The question of how we police borders may serve as both a manifestation and symbol of our challenge. If nations are born in violence against internal and external others, then efforts to tame and redirect nationalism both within and across national boundaries become appropriate. Border communities are extraordinarily safe places to live, especially when the police focus on violent criminals and enjoy cooperation with the local immigrant communities. In "Democracy and the Foreigner," Bonnie Honig points out that democracy's energies and origins have always pointed beyond national boundaries. Today unions can and should work together across borders to change national policies and to establish modes of collaboration that begin to limit capital's prerogatives. Granting economic rights to the millions of undocumented workers can strengthen their bargaining position and raise the floor under all working class wages.

These coalitions, however, become more likely to the extent that all parties come to appreciate that they might have been something other than they are. History and our continually evolving experience with difference shape and reshape consciousness and identity. Fear of the outsider may often be grounded in or related to fear of divergent and potentially creative impulses within ourselves. Political unity against forms of oppression thus may paradoxically require rejection of cultural uniformity or notions of one set of core beliefs held by all as a possible or desirable goal. It may depend on cultivating within ourselves and our communities more respect and joy in encounters with difference and celebration of a social and natural world that is always evolving and offering new possibilities.

Honig commends the emergence of such practices as "sister cities" Activists in different nations encourage their cities to adopt others as sisters. Honig comments that sister cities mobilize the psychic joys of kinship on behalf of a cross border and cross cultural politics that involve several issues and allow citizens of very different nationalities to learn from and be engaged with each other.

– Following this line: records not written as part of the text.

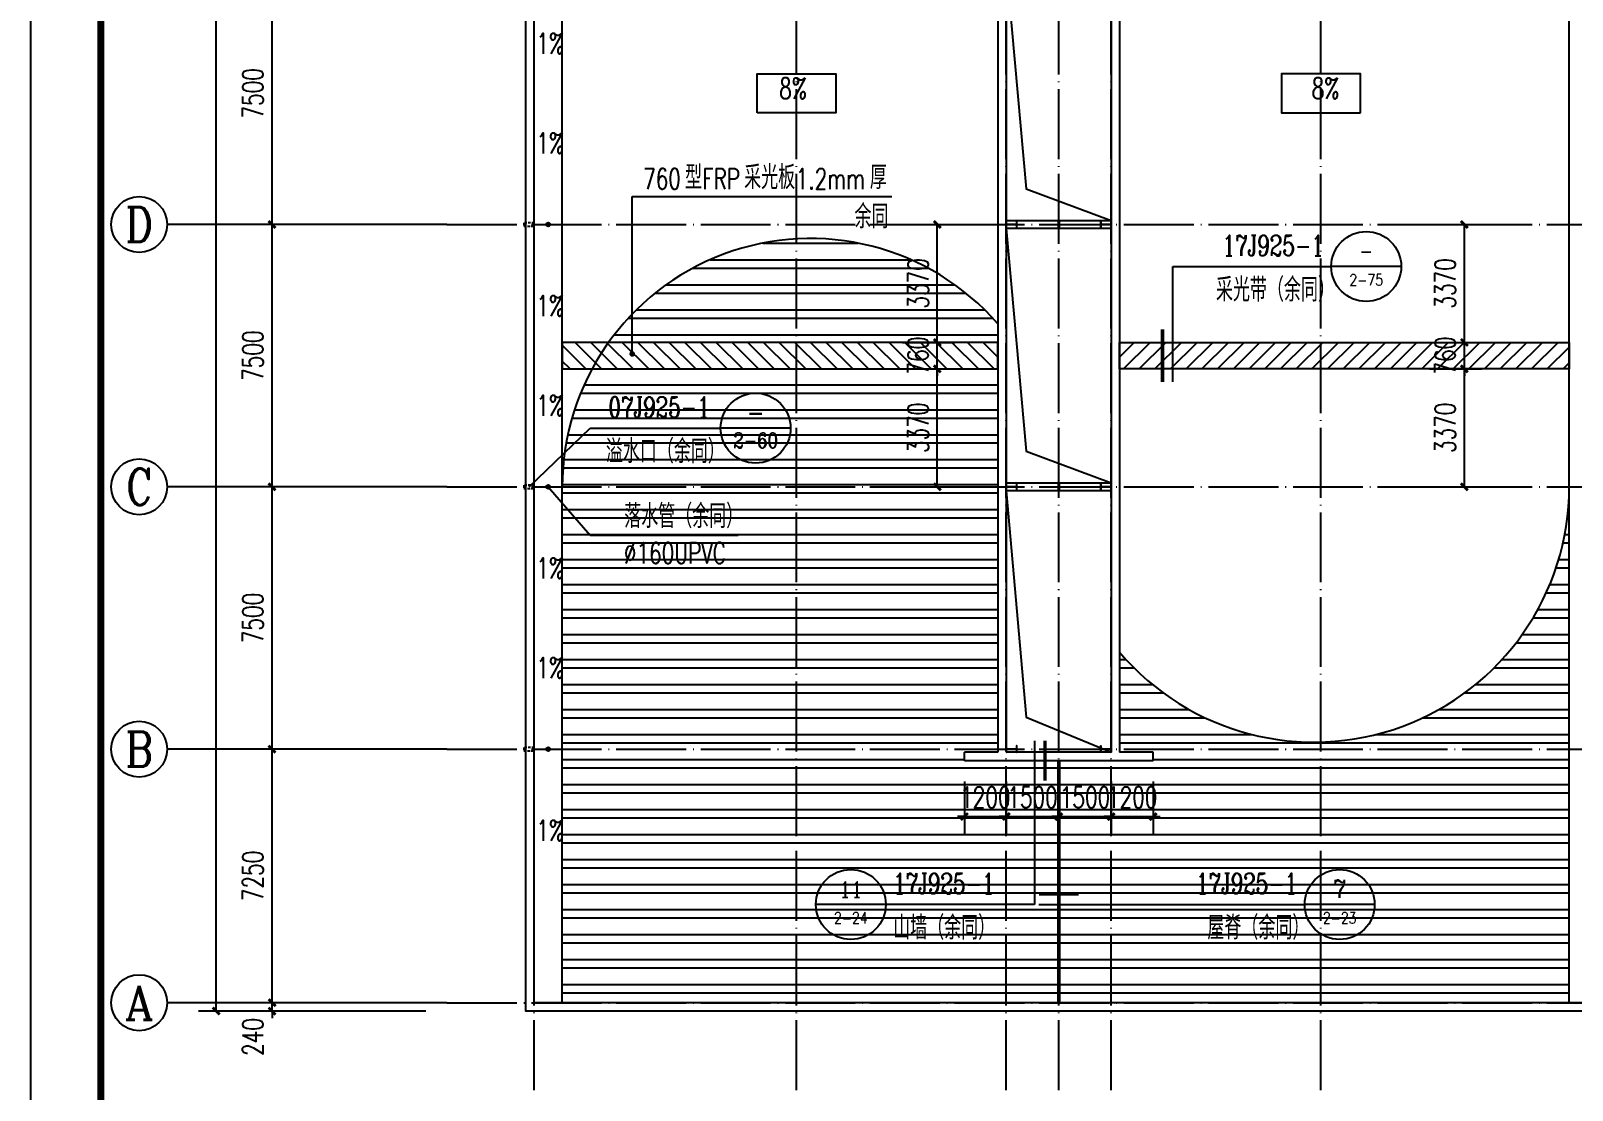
# Model space of a CAD drawing. Extents: x 14095202 to 14511487, y -1430609 to -90420.
# Drawn here: x 14387687 to 14431771, y -768120 to -737833 of the extents above; entities that cross this region are included whole.
import ezdxf
from ezdxf.enums import TextEntityAlignment as Align

# ---------------------------------------------------------------- set-up
doc = ezdxf.new("R2010")
doc.units = 0
doc.header["$LTSCALE"] = 1000
doc.header["$MEASUREMENT"] = 0
doc.linetypes.add('DASH', pattern=[0.35, 0.25, -0.1])
doc.linetypes.add('DOTE', pattern=[2.42, 2, -0.2, 0.02, -0.2])
for name, color, linetype in [('AXIS', 3, 'Continuous'), ('AXIS_TEXT', 7, 'Continuous'), ('COLUMN', 2, 'Continuous'), ('DIM_IDEN', 3, 'Continuous'), ('DIM_LEAD', 3, 'Continuous'), ('DIM_SYMB', 3, 'Continuous'), ('DOTE', 1, 'DOTE'), ('PUB_DIM', 3, 'Continuous'), ('PUB_TEXT', 7, 'Continuous'), ('TK', 4, 'Continuous'), ('WALL-PARAPET', 6, 'Continuous'), ('填充', 251, 'Continuous'), ('采光带', 4, 'Continuous'), ('雨水管', 4, 'Continuous')]:
    doc.layers.add(name, color=color, linetype=linetype)
doc.styles.add('_TCH_AXIS', font='COMPLEX', dxfattribs={"bigfont": 'GBCBIG'})
doc.styles.add('_TCH_DIM', font='SIMPLEX', dxfattribs={"bigfont": 'GBCBIG'})
doc.styles.add('_TCH_DIM_T3', font='SIMPLEX', dxfattribs={"width": 0.705882, "bigfont": 'GBCBIG'})
doc.styles.add('_TCH_LABEL', font='COMPLEX', dxfattribs={"bigfont": 'GBCBIG'})
doc.styles.add('COMPLEX', font='COMPLEX')
doc.dimstyles.new('_TCH_ARCH&&200', dxfattribs={"dimtxt": 595, "dimasz": 200, "dimexe": 500, "dimexo": 600, "dimgap": 252.5, "dimtad": 1, "dimdec": 0, "dimzin": 0, "dimdsep": 46, "dimtxsty": '_TCH_DIM_T3', "dimblk": 'ARCHTICK', "dimcen": 0.09, "dimclrt": 7, "dimazin": 2, "dimtfac": 1, "dimtdec": 0, "dimtix": 1, "dimtmove": 2, "dimatfit": 3, "dimfxl": 0, "dimtolj": 1, "dimtzin": 0, "dimarcsym": 0})

# ---------------------------------------------------------------- blocks, each defined once
blk = doc.blocks.new('A$C0FCD69EC')
at = {"layer": 'COLUMN'}
blk.add_hatch(color=256, dxfattribs=at).paths.add_polyline_path([(300, 180), (294, 180), (294, 94), (6, 94), (6, 180), (0, 180), (0, 0), (6, 0), (6, 86), (294, 86), (294, 0), (300, 0)])
blk.add_lwpolyline([(300, 0), (294, 0), (294, 86), (6, 86), (6, 0), (0, 0), (0, 180), (6, 180), (6, 94), (294, 94), (294, 180), (300, 180)], close=True, dxfattribs=at)
blk = doc.blocks.new('A$C22C4548D')
blk.add_line((0, 10), (300, 10))
blk.add_lwpolyline([(30, 20), (270, 20), (270, 0), (30, 0)], close=True)
blk = doc.blocks.new('GeYuanFrame_80008245', base_point=(20.09, 4.53))
at = {"layer": 'TK'}
blk.add_lwpolyline([(20.09, 4.53), (20.09, 598.53), (1071.09, 598.53), (1071.09, 4.53)], close=True, dxfattribs=at)
at = {"layer": 'TK', "const_width": 1}
blk.add_lwpolyline([(45.09, 588.53), (1061.09, 588.53), (1061.09, 14.53), (45.09, 14.53)], close=True, dxfattribs=at)
blk = doc.blocks.new('_AXISO')
blk.add_circle((0, 0), 0.5)
at = {"layer": 'AXIS_TEXT', "style": 'COMPLEX', "width": 1.041667}
blk.add_attdef('A', text='', height=0.56, dxfattribs=at).set_placement((-0.25, -0.28), (0.25, -0.28), align=Align.FIT)
blk = doc.blocks.new('_ArchTick')
at = {"color": 0, "linetype": 'ByBlock', "const_width": 0.4}
blk.add_lwpolyline([(-0.5, -0.5), (0.5, 0.5)], dxfattribs=at)
blk = doc.blocks.new('*D292')
at = {"layer": 'AXIS', "color": 0, "lineweight": -2}
for p, q in [((14398987, -638380), (14392487, -638380)), ((14392987, -765860), (14392987, -638380)), ((14398987, -765860), (14392487, -765860))]:
    blk.add_line(p, q, dxfattribs=at)
at = {"layer": 'Defpoints', "color": 0}
for p in [(14392987, -638380), (14399587, -638380), (14399587, -765860)]:
    blk.add_point(p, dxfattribs=at)
at = {"layer": 'AXIS', "color": 0, "lineweight": -2, "xscale": 200, "yscale": 200, "zscale": 200}
for p, rotation in [((14392987, -638380), 90), ((14392987, -765860), 270)]:
    blk.add_blockref('_ArchTick', p, dxfattribs=dict(at, rotation=rotation))
at = {"layer": 'AXIS', "color": 7, "insert": (14392437, -702120), "char_height": 595, "attachment_point": 5, "rotation": 90, "style": '_TCH_DIM_T3'}
blk.add_mtext('\\A1;127480', dxfattribs=at)
blk = doc.blocks.new('*D293')
at = {"layer": 'AXIS', "color": 0, "lineweight": -2}
for p, q in [((14398987, -765620), (14394087, -765620)), ((14394587, -765620), (14394587, -765420)), ((14394587, -765860), (14394587, -765620)), ((14398987, -765860), (14394087, -765860)), ((14394587, -765860), (14394587, -766060))]:
    blk.add_line(p, q, dxfattribs=at)
at = {"layer": 'Defpoints', "color": 0}
for p in [(14394587, -765620), (14399587, -765620), (14399587, -765860)]:
    blk.add_point(p, dxfattribs=at)
at = {"layer": 'AXIS', "color": 0, "lineweight": -2, "xscale": 200, "yscale": 200, "zscale": 200}
for p, rotation in [((14394587, -765620), 270), ((14394587, -765860), 90)]:
    blk.add_blockref('_ArchTick', p, dxfattribs=dict(at, rotation=rotation))
at = {"layer": 'AXIS', "color": 7, "insert": (14394037, -766600), "char_height": 595, "attachment_point": 5, "rotation": 90, "style": '_TCH_DIM_T3'}
blk.add_mtext('\\A1;240', dxfattribs=at)
blk = doc.blocks.new('*D294')
at = {"layer": 'AXIS', "color": 0, "lineweight": -2}
for p, q in [((14398987, -758370), (14394087, -758370)), ((14394587, -765620), (14394587, -758370)), ((14398987, -765620), (14394087, -765620))]:
    blk.add_line(p, q, dxfattribs=at)
at = {"layer": 'Defpoints', "color": 0}
for p in [(14394587, -758370), (14399587, -758370), (14399587, -765620)]:
    blk.add_point(p, dxfattribs=at)
at = {"layer": 'AXIS', "color": 0, "lineweight": -2, "xscale": 200, "yscale": 200, "zscale": 200}
for p, rotation in [((14394587, -758370), 90), ((14394587, -765620), 270)]:
    blk.add_blockref('_ArchTick', p, dxfattribs=dict(at, rotation=rotation))
at = {"layer": 'AXIS', "color": 7, "insert": (14394037, -761995), "char_height": 595, "attachment_point": 5, "rotation": 90, "style": '_TCH_DIM_T3'}
blk.add_mtext('\\A1;7250', dxfattribs=at)
blk = doc.blocks.new('*D295')
at = {"layer": 'AXIS', "color": 0, "lineweight": -2}
for p, q in [((14398987, -750870), (14394087, -750870)), ((14394587, -758370), (14394587, -750870)), ((14398987, -758370), (14394087, -758370))]:
    blk.add_line(p, q, dxfattribs=at)
at = {"layer": 'Defpoints', "color": 0}
for p in [(14394587, -750870), (14399587, -750870), (14399587, -758370)]:
    blk.add_point(p, dxfattribs=at)
at = {"layer": 'AXIS', "color": 0, "lineweight": -2, "xscale": 200, "yscale": 200, "zscale": 200}
for p, rotation in [((14394587, -750870), 90), ((14394587, -758370), 270)]:
    blk.add_blockref('_ArchTick', p, dxfattribs=dict(at, rotation=rotation))
at = {"layer": 'AXIS', "color": 7, "insert": (14394037, -754620), "char_height": 595, "attachment_point": 5, "rotation": 90, "style": '_TCH_DIM_T3'}
blk.add_mtext('\\A1;7500', dxfattribs=at)
blk = doc.blocks.new('*D296')
at = {"layer": 'AXIS', "color": 0, "lineweight": -2}
for p, q in [((14398987, -743370), (14394087, -743370)), ((14394587, -750870), (14394587, -743370)), ((14398987, -750870), (14394087, -750870))]:
    blk.add_line(p, q, dxfattribs=at)
at = {"layer": 'Defpoints', "color": 0}
for p in [(14394587, -743370), (14399587, -743370), (14399587, -750870)]:
    blk.add_point(p, dxfattribs=at)
at = {"layer": 'AXIS', "color": 0, "lineweight": -2, "xscale": 200, "yscale": 200, "zscale": 200}
for p, rotation in [((14394587, -743370), 90), ((14394587, -750870), 270)]:
    blk.add_blockref('_ArchTick', p, dxfattribs=dict(at, rotation=rotation))
at = {"layer": 'AXIS', "color": 7, "insert": (14394037, -747120), "char_height": 595, "attachment_point": 5, "rotation": 90, "style": '_TCH_DIM_T3'}
blk.add_mtext('\\A1;7500', dxfattribs=at)
blk = doc.blocks.new('*D297')
at = {"layer": 'AXIS', "color": 0, "lineweight": -2}
for p, q in [((14398987, -735870), (14394087, -735870)), ((14394587, -743370), (14394587, -735870)), ((14398987, -743370), (14394087, -743370))]:
    blk.add_line(p, q, dxfattribs=at)
at = {"layer": 'Defpoints', "color": 0}
for p in [(14394587, -735870), (14399587, -735870), (14399587, -743370)]:
    blk.add_point(p, dxfattribs=at)
at = {"layer": 'AXIS', "color": 0, "lineweight": -2, "xscale": 200, "yscale": 200, "zscale": 200}
for p, rotation in [((14394587, -735870), 90), ((14394587, -743370), 270)]:
    blk.add_blockref('_ArchTick', p, dxfattribs=dict(at, rotation=rotation))
at = {"layer": 'AXIS', "color": 7, "insert": (14394037, -739620), "char_height": 595, "attachment_point": 5, "rotation": 90, "style": '_TCH_DIM_T3'}
blk.add_mtext('\\A1;7500', dxfattribs=at)
blk = doc.blocks.new('*D613')
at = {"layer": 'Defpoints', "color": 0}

The case for more open and flexible borders thus also lies in the noneconomic benefits immigrants can bring us. The gifts lie in not only cultural difference but also in an extraordinary willingness to participate in politics. Many have taken enormous risks to protest draconian immigration laws and enforcement procedures. Their actions and words may encourage us not only to reflect more on who we are and could become but also the role of politics in this expansive process. They might just be the spark labor and the Left in the US need.